PROBLEM DETAILS - From the listing below, reproduce word for word the part that opens with the line containing "#50=DIRECTION('',(-1.,0.,0.));" and closes with the line containing "#57=FACE_BOUND('',#56,.T.);"; reproduce nothing else.

DATASET ENTRIES -

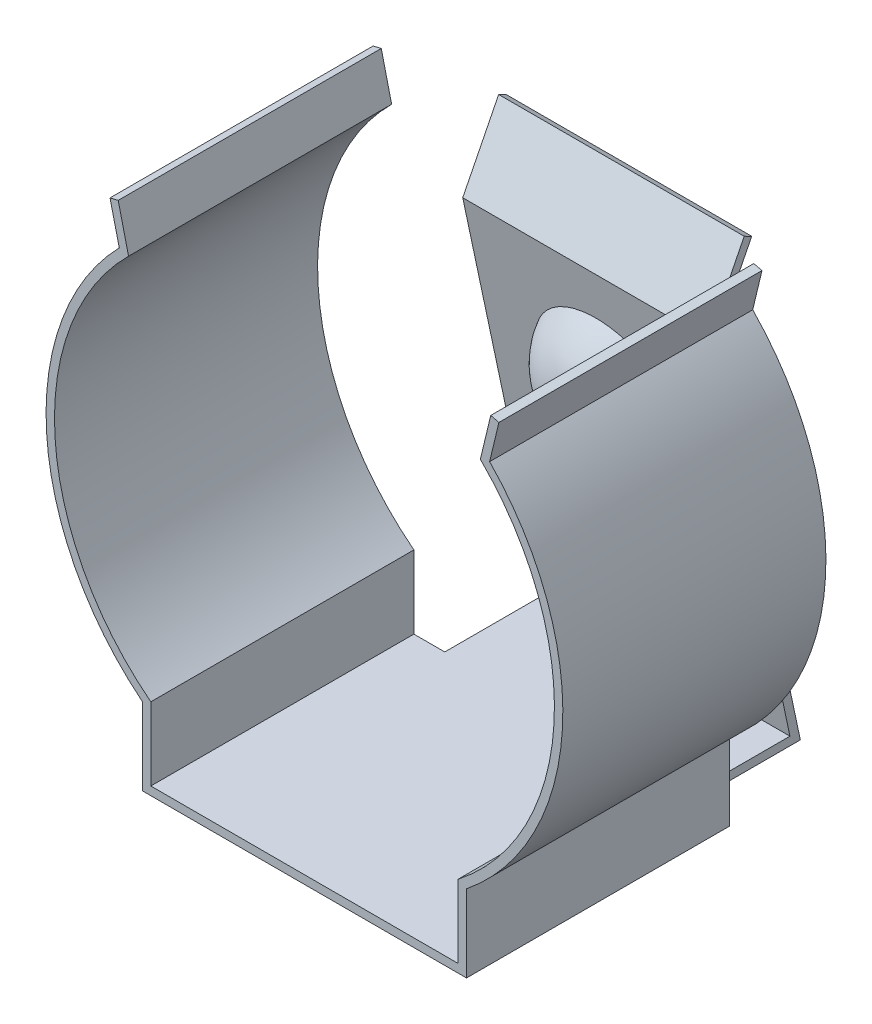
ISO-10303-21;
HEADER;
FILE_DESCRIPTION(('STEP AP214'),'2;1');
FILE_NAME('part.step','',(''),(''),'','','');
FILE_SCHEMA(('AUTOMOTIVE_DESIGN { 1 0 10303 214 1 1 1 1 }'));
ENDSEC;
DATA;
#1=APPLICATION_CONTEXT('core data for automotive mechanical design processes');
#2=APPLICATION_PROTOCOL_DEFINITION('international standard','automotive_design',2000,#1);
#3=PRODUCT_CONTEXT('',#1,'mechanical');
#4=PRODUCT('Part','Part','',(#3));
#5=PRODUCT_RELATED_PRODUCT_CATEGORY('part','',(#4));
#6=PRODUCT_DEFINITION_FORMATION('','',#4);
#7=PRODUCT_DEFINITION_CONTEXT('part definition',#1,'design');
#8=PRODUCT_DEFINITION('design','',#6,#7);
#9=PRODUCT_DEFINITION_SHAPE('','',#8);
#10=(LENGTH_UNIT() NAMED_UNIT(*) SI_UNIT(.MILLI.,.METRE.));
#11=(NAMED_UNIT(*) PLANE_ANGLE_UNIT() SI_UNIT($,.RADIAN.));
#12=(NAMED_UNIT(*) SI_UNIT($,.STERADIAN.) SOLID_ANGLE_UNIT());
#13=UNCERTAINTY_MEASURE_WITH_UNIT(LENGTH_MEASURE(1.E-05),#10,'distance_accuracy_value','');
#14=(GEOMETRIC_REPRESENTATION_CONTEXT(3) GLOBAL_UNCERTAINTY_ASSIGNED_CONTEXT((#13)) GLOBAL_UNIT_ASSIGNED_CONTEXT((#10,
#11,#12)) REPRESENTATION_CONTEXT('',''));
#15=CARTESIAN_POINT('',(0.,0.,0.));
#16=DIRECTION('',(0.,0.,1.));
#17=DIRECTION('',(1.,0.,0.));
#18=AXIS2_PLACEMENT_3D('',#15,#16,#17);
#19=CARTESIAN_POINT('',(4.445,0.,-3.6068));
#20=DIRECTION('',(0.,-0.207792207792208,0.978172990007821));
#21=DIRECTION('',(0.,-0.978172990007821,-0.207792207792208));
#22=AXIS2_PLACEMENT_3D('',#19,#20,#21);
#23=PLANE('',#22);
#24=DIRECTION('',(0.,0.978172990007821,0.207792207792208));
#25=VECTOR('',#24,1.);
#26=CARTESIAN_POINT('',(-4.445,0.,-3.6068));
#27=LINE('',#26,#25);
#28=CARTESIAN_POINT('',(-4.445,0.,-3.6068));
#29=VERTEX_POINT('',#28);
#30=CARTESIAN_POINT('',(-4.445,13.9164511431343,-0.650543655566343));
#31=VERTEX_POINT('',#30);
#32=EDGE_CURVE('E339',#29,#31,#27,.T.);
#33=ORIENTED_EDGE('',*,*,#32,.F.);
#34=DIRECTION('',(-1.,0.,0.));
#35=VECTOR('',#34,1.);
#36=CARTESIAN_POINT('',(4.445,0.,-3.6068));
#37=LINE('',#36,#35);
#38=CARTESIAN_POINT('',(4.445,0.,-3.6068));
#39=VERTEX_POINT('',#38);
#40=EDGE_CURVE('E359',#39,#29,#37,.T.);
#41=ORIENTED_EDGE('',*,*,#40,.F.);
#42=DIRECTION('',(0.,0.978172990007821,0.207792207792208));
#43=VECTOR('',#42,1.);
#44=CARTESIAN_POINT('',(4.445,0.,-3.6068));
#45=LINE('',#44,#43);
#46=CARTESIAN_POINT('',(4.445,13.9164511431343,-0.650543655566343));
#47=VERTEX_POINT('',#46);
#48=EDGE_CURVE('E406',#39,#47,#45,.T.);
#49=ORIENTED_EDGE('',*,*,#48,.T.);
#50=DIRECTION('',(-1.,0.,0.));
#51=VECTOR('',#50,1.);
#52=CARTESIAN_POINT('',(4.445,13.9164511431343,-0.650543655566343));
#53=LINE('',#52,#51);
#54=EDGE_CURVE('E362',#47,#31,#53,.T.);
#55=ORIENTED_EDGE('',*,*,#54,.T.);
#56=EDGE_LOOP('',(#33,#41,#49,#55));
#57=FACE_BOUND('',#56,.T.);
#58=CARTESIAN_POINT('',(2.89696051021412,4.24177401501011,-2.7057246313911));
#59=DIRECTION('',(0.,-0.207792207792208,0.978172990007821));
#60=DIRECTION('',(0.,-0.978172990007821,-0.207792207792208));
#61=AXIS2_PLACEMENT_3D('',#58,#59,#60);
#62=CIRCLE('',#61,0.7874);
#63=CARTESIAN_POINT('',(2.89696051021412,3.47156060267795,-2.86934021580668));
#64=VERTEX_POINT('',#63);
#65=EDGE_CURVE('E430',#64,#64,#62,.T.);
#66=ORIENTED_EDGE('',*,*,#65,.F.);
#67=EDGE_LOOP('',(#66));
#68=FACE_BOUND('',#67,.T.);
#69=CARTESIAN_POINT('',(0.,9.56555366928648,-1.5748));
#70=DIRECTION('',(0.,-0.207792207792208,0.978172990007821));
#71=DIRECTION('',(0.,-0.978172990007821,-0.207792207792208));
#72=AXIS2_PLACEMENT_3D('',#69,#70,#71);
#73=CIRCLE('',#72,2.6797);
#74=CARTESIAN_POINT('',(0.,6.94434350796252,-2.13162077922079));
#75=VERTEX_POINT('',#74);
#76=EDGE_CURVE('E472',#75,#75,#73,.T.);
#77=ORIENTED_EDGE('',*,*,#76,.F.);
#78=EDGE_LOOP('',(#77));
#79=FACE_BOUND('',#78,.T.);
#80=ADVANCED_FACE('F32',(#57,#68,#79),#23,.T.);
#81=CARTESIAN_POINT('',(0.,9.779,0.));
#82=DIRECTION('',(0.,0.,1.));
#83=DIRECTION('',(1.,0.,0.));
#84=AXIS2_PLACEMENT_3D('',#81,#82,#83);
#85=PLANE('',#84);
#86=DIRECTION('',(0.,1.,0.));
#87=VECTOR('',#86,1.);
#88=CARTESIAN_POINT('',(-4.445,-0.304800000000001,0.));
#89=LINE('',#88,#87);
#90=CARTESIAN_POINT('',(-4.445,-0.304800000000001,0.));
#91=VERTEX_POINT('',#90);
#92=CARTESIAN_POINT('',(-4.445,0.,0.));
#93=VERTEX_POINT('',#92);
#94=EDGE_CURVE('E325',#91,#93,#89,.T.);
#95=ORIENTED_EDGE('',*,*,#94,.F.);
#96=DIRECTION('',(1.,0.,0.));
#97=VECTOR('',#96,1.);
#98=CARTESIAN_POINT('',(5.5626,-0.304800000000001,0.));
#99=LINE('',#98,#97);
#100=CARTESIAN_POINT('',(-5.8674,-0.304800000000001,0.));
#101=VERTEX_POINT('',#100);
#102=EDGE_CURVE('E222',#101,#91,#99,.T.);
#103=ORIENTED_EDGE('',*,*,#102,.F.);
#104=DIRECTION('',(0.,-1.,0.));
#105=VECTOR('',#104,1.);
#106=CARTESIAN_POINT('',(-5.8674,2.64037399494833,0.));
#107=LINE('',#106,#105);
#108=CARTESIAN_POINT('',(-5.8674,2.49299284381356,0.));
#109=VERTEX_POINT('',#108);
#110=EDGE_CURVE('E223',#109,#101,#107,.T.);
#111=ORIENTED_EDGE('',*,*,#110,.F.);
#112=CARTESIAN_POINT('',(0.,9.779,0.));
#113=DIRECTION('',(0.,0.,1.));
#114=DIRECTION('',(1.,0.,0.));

YOUR RESPONSE -
#50=DIRECTION('',(-1.,0.,0.));
#51=VECTOR('',#50,1.);
#52=CARTESIAN_POINT('',(4.445,13.9164511431343,-0.650543655566343));
#53=LINE('',#52,#51);
#54=EDGE_CURVE('E362',#47,#31,#53,.T.);
#55=ORIENTED_EDGE('',*,*,#54,.T.);
#56=EDGE_LOOP('',(#33,#41,#49,#55));
#57=FACE_BOUND('',#56,.T.);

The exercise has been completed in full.